Thesis Open Access
Joe Cheri Ross
Preeti Rao; Pushpak Bhattacharyya
Development of a music recommender system, one of the key applications of Music Information Retrieval (MIR), necessitates research into methods to represent and retrieve music information efficiently. Considering the specific characteristics of each music culture and the diverse requirements thereof, the methods must be culture-aware with many of the associated tasks being culture-specific. This research is motivated by the importance of a music recommendation system for Hindustani music. The investigated tasks focus primarily on information extraction from melodic audio and text content, realizing the significance of information from multi-modal sources. In the context of information extraction from audio signals, we present our investigations on melodic motif detection involving mukhda (main title phrase of a composition) and pakad (raga characteristic phrase) detection. Our investigation on extracting meta-information from natural language text focuses on coreference resolution, with the aim of improving relation extraction from textual content. The task of raga similarity detection is investigated with both text and music content (available as music notation).
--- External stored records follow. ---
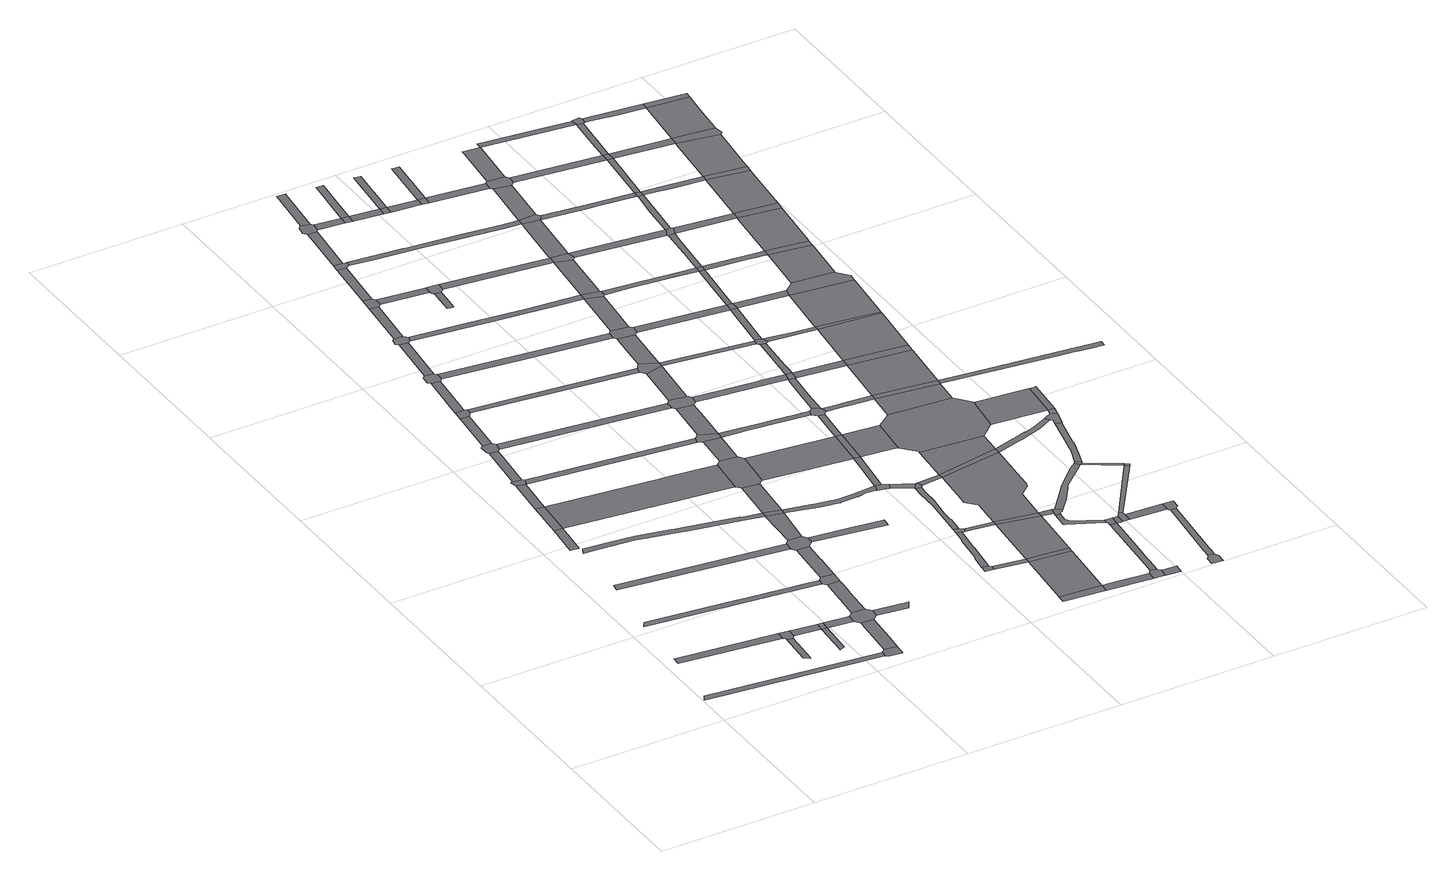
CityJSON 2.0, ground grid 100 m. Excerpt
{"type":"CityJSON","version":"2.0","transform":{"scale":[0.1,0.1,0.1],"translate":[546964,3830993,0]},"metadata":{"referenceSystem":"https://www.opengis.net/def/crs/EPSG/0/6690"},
"CityObjects":{
"road1":{"type":"Road","attributes":{"RoadStructureAttribute.sectionType":"1"},"geometry":[{"type":"MultiSurface","lod":"1","boundaries":[[[0,1,2,3]]]}]},
"road2":{"type":"Road","attributes":{"RoadStructureAttribute.sectionType":"1"},"geometry":[{"type":"MultiSurface","lod":"1","boundaries":[[[4,5,6,7,8,9,10]]]}]},
"road3":{"type":"Road","attributes":{"RoadStructureAttribute.sectionType":"1"},"geometry":[{"type":"MultiSurface","lod":"1","boundaries":[[[11,12,13,14,15]]]}]},
"road4":{"type":"Road","geometry":[{"type":"MultiSurface","lod":"1","boundaries":[[[16,17,18,19,20,21]]]}]},
"road5":{"type":"Road","geometry":[{"type":"MultiSurface","lod":"1","boundaries":[[[22,11,15,23]]]}]},
"road6":{"type":"Road","geometry":[{"type":"MultiSurface","lod":"1","boundaries":[[[3,2,24,16,21,25,26,27,28]]]}]},
"road7":{"type":"Road","attributes":{"RoadStructureAttribute.sectionType":"1"},"geometry":[{"type":"MultiSurface","lod":"1","boundaries":[[[29,30,31,32,33,34,35,36]]]}]},
"road8":{"type":"Road","attributes":{"RoadStructureAttribute.sectionType":"1"},"geometry":[{"type":"MultiSurface","lod":"1","boundaries":[[[37,38,22,23,39]]]}]},
"road9":{"type":"Road","attributes":{"RoadStructureAttribute.sectionType":"1"},"geometry":[{"type":"MultiSurface","lod":"1","boundaries":[[[28,27,40,41,42]]]}]},
"road10":{"type":"Road","geometry":[{"type":"MultiSurface","lod":"1","boundaries":[[[43,44,37,39,45,46]]]}]},
"road11":{"type":"Road","geometry":[{"type":"MultiSurface","lod":"1","boundaries":[[[41,47,48,49,50,51]]]}]},
"road12":{"type":"Road","attributes":{"RoadStructureAttribute.sectionType":"1"},"geometry":[{"type":"MultiSurface","lod":"1","boundaries":[[[52,53,54,55]]]}]},
"road13":{"type":"Road","geometry":[{"type":"MultiSurface","lod":"1","boundaries":[[[42,41,51,56]]]}]},
"road14":{"type":"Road","attributes":{"RoadStructureAttribute.sectionType":"1"},"geometry":[{"type":"MultiSurface","lod":"1","boundaries":[[[57,43,46,58]]]}]},
"road15":{"type":"Road","geometry":[{"type":"MultiSurface","lod":"1","boundaries":[[[59,10,9,60,61,62,63,64,65]]]}]},
"road16":{"type":"Road","attributes":{"RoadStructureAttribute.sectionType":"1"},"geometry":[{"type":"MultiSurface","lod":"1","boundaries":[[[56,51,66,67,68]]]}]},
"road17":{"type":"Road","geometry":[{"type":"MultiSurface","lod":"1","boundaries":[[[69,70,71,57,58,72,73,74]]]}]},
"road18":{"type":"Road","attributes":{"RoadStructureAttribute.sectionType":"1"},"geometry":[{"type":"MultiSurface","lod":"1","boundaries":[[[75,76,77,78,79,80,81,82,83,84,85,86,87,88,89,90,91,92,93,94]]]}]},
"road19":{"type":"Road","attributes":{"RoadStructureAttribute.sectionType":"1"},"geometry":[{"type":"MultiSurface","lod":"1","boundaries":[[[95,96,59,65,97,98,99]]]}]},
"road20":{"type":"Road","attributes":{"RoadStructureAttribute.sectionType":"1"},"geometry":[{"type":"MultiSurface","lod":"1","boundaries":[[[100,69,74,101]]]}]},
"road21":{"type":"Road","geometry":[{"type":"MultiSurface","lod":"1","boundaries":[[[102,103,104,68,67,105,106,95,99,107,108,109,110,111,112,113]]]}]},
"road22":{"type":"Road","geometry":[{"type":"MultiSurface","lod":"1","boundaries":[[[114,115,116,117,100,101,118,119,120,121]]]}]},
"road23":{"type":"Road","attributes":{"function":"3","RoadStructureAttribute.sectionType":"1"},"geometry":[{"type":"MultiSurface","lod":"1","boundaries":[[[122,123,124,23,15,125,126,127,128]]]}]},
"road24":{"type":"Road","attributes":{"RoadStructureAttribute.sectionType":"1"},"geometry":[{"type":"MultiSurface","lod":"1","boundaries":[[[129,130,131,132,102,113,133,134,135,136]]]}]},
"road25":{"type":"Road","attributes":{"RoadStructureAttribute.sectionType":"1"},"geometry":[{"type":"MultiSurface","lod":"1","boundaries":[[[137,138,114,121,139,140,141]]]}]},
"road26":{"type":"Road","geometry":[{"type":"MultiSurface","lod":"1","boundaries":[[[142,36,35,129,136,143,144]]]}]},
"road27":{"type":"Road","attributes":{"RoadStructureAttribute.sectionType":"1"},"geometry":[{"type":"MultiSurface","lod":"1","boundaries":[[[145,146,147,148,149,150,110,109]]]}]},
"road28":{"type":"Road","geometry":[{"type":"MultiSurface","lod":"1","boundaries":[[[151,152,153,137,141,154,155,156]]]}]},
"road29":{"type":"Road","attributes":{"RoadStructureAttribute.sectionType":"1"},"geometry":[{"type":"MultiSurface","lod":"1","boundaries":[[[157,45,39,158,159]]]}]},
"road30":{"type":"Road","attributes":{"RoadStructureAttribute.sectionType":"1"},"geometry":[{"type":"MultiSurface","lod":"1","boundaries":[[[160,161,162,163,142,144]]]}]},
"road31":{"type":"Road","attributes":{"RoadStructureAttribute.sectionType":"1"},"geometry":[{"type":"MultiSurface","lod":"1","boundaries":[[[164,151,156,165,166]]]}]},
"road32":{"type":"Road","geometry":[{"type":"MultiSurface","lod":"1","boundaries":[[[167,168,55,54,169,163,162,170,171,172,173,174]]]}]},
"road33":{"type":"Road","geometry":[{"type":"MultiSurface","lod":"1","boundaries":[[[175,176,177,164,166,178,179,180,181,182]]]}]},
"road34":{"type":"Road","attributes":{"RoadStructureAttribute.sectionType":"1"},"geometry":[{"type":"MultiSurface","lod":"1","boundaries":[[[73,72,183,184,185]]]}]},
"road35":{"type":"Road","attributes":{"RoadStructureAttribute.sectionType":"1"},"geometry":[{"type":"MultiSurface","lod":"1","boundaries":[[[93,167,174,186,187]]]}]},
"road36":{"type":"Road","attributes":{"RoadStructureAttribute.sectionType":"1"},"geometry":[{"type":"MultiSurface","lod":"1","boundaries":[[[188,175,182,189]]]}]},
"road37":{"type":"Road","geometry":[{"type":"MultiSurface","lod":"1","boundaries":[[[94,93,187,190]]]}]},
"road38":{"type":"Road","attributes":{"RoadStructureAttribute.sectionType":"1"},"geometry":[{"type":"MultiSurface","lod":"1","boundaries":[[[191,94,190,192]]]}]},
"road39":{"type":"Road","geometry":[{"type":"MultiSurface","lod":"1","boundaries":[[[193,188,189,194,195,196]]]}]},
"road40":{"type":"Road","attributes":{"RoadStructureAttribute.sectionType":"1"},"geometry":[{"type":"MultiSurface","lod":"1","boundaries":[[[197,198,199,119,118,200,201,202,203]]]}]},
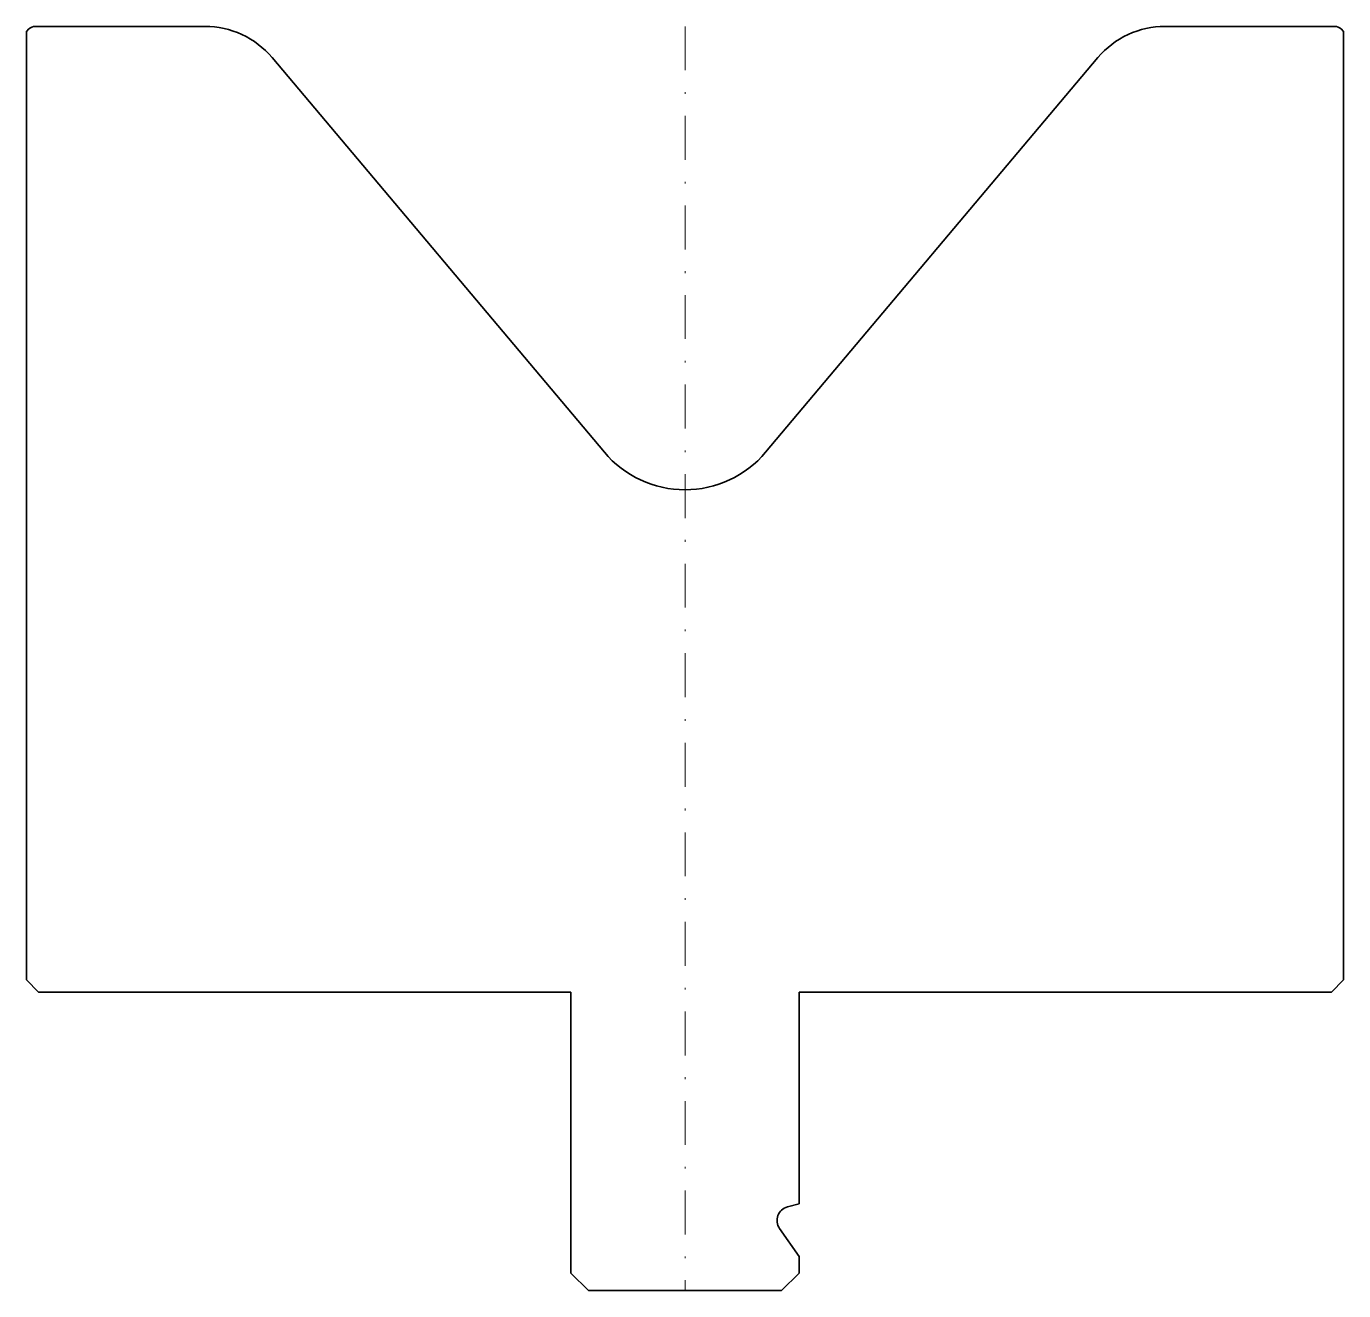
# Model space of a CAD drawing. Header units: millimetres. Extents: x -37.5 to 37.5, y -72 to 0.
import ezdxf

# ---------------------------------------------------------------- set-up
doc = ezdxf.new("R2010")
doc.units = ezdxf.units.MM
doc.header["$LTSCALE"] = 5
doc.linetypes.add('AUSGEZOGEN', pattern=[0])
doc.linetypes.add('DASHDOT', pattern=[1, 0.5, -0.25, 0, -0.25])
doc.layers.add('2', color=7, linetype='Continuous')

msp = doc.modelspace()

# ---------------------------------------------------------------- linework, layer by layer
at = {"layer": '2', "color": 7, "linetype": 'AUSGEZOGEN', "lineweight": 35}
for p, q in [((-36.99, 0), (-27.332, 0)), ((27.332, 0), (36.99, 0)), ((-37.5, -0.299), (-37.351, -0.149)), ((-37.5, -54.3), (-37.5, -0.299)), ((37.351, -0.149), (37.5, -0.299)), ((37.5, -0.299), (37.5, -54.3)), ((-23.506, -1.78), (-4.591, -24.256)), ((4.591, -24.256), (23.506, -1.78)), ((-36.8, -55), (-37.5, -54.3)), ((37.5, -54.3), (36.8, -55)), ((-6.5, -55), (-36.8, -55)), ((-6.5, -71), (-6.5, -55)), ((36.8, -55), (6.5, -55)), ((6.5, -55), (6.5, -67.049)), ((6.5, -67.049), (5.833, -67.228)), ((5.384, -68.46), (6.5, -70.053)), ((6.5, -70.053), (6.5, -71)), ((-5.5, -72), (-6.5, -71)), ((6.5, -71), (5.5, -72)), ((5.5, -72), (-5.5, -72))]:
    msp.add_line(p, q, dxfattribs=at)
at = {"layer": '2', "color": 7, "linetype": 'DASHDOT', "lineweight": 18}
msp.add_line((0, 0), (0, -72), dxfattribs=at)
at = {"layer": '2', "color": 7, "linetype": 'AUSGEZOGEN', "lineweight": 35}
for centre, radius, start, end in [((-36.99, -0.51), 0.51, 90, 135), ((-27.332, -5), 5, 40.08333, 90), ((27.332, -5), 5, 90, 139.91667), ((36.99, -0.51), 0.51, 45, 90), ((0, -20.393), 6, 220.08333, 319.91667), ((6.04, -68.001), 0.8, 105, 215)]:
    msp.add_arc(centre, radius, start, end, dxfattribs=at)

doc.saveas('drawing.dxf')

Melodic motifs form essential building blocks in Indian Classical music. The mukhda and the pakad phrases provide strong cues to the identity of the composition and the underlying raga respectively. Automatic detection of such recurring basic melodic phrases is highly relevant to music information retrieval in Hindustani music. This thesis discusses approaches to detect mukhda and pakad in a concert audio recording by exploring musicological cues and similarity computations.
Considering the large number of ragas in Hindustani music, detection of similarities between them is beneficial to music recommendation. The problem of raga similarity detection is investigated with two diverse data sources viz., discussions on Hindustani ragas and composition notations. Each of these sources help in extracting different aspects of raga similarity. While text discussions aid to extraction of similarities generally perceived by musicians, similarities based on melodic attributes are extracted through composition notations. Both the approaches learn representations for ragas, and the similarities between the representations indicate the similarities between the ragas.
Realizing the importance of coreference resolution to improve relation extraction from text, our investigations on extracting meta-information focuses on the same from music discussion forums. The attempt to design a specific approach is motivated by the nature of the text and the domain specificity. While the feature design considers domain specificity and nature of the text, we also observe the need for a hybrid approach. The proposed modification to best-first clustering, for the clustering step in the mention-pair model, considers relation between candidate antecedents while resolving for an anaphoric mention. We also discuss a method to identify the semantic class, a crucial feature for coreference resolution, with the help of web resources. This approach to semantic class identification is generalizable for any domain-specific dataset with similar challenges. The investigations with eye-tracking and memory networks initiate research in the direction of bridging the gap between the cognitive process involved and the machine understanding of coreference resolution.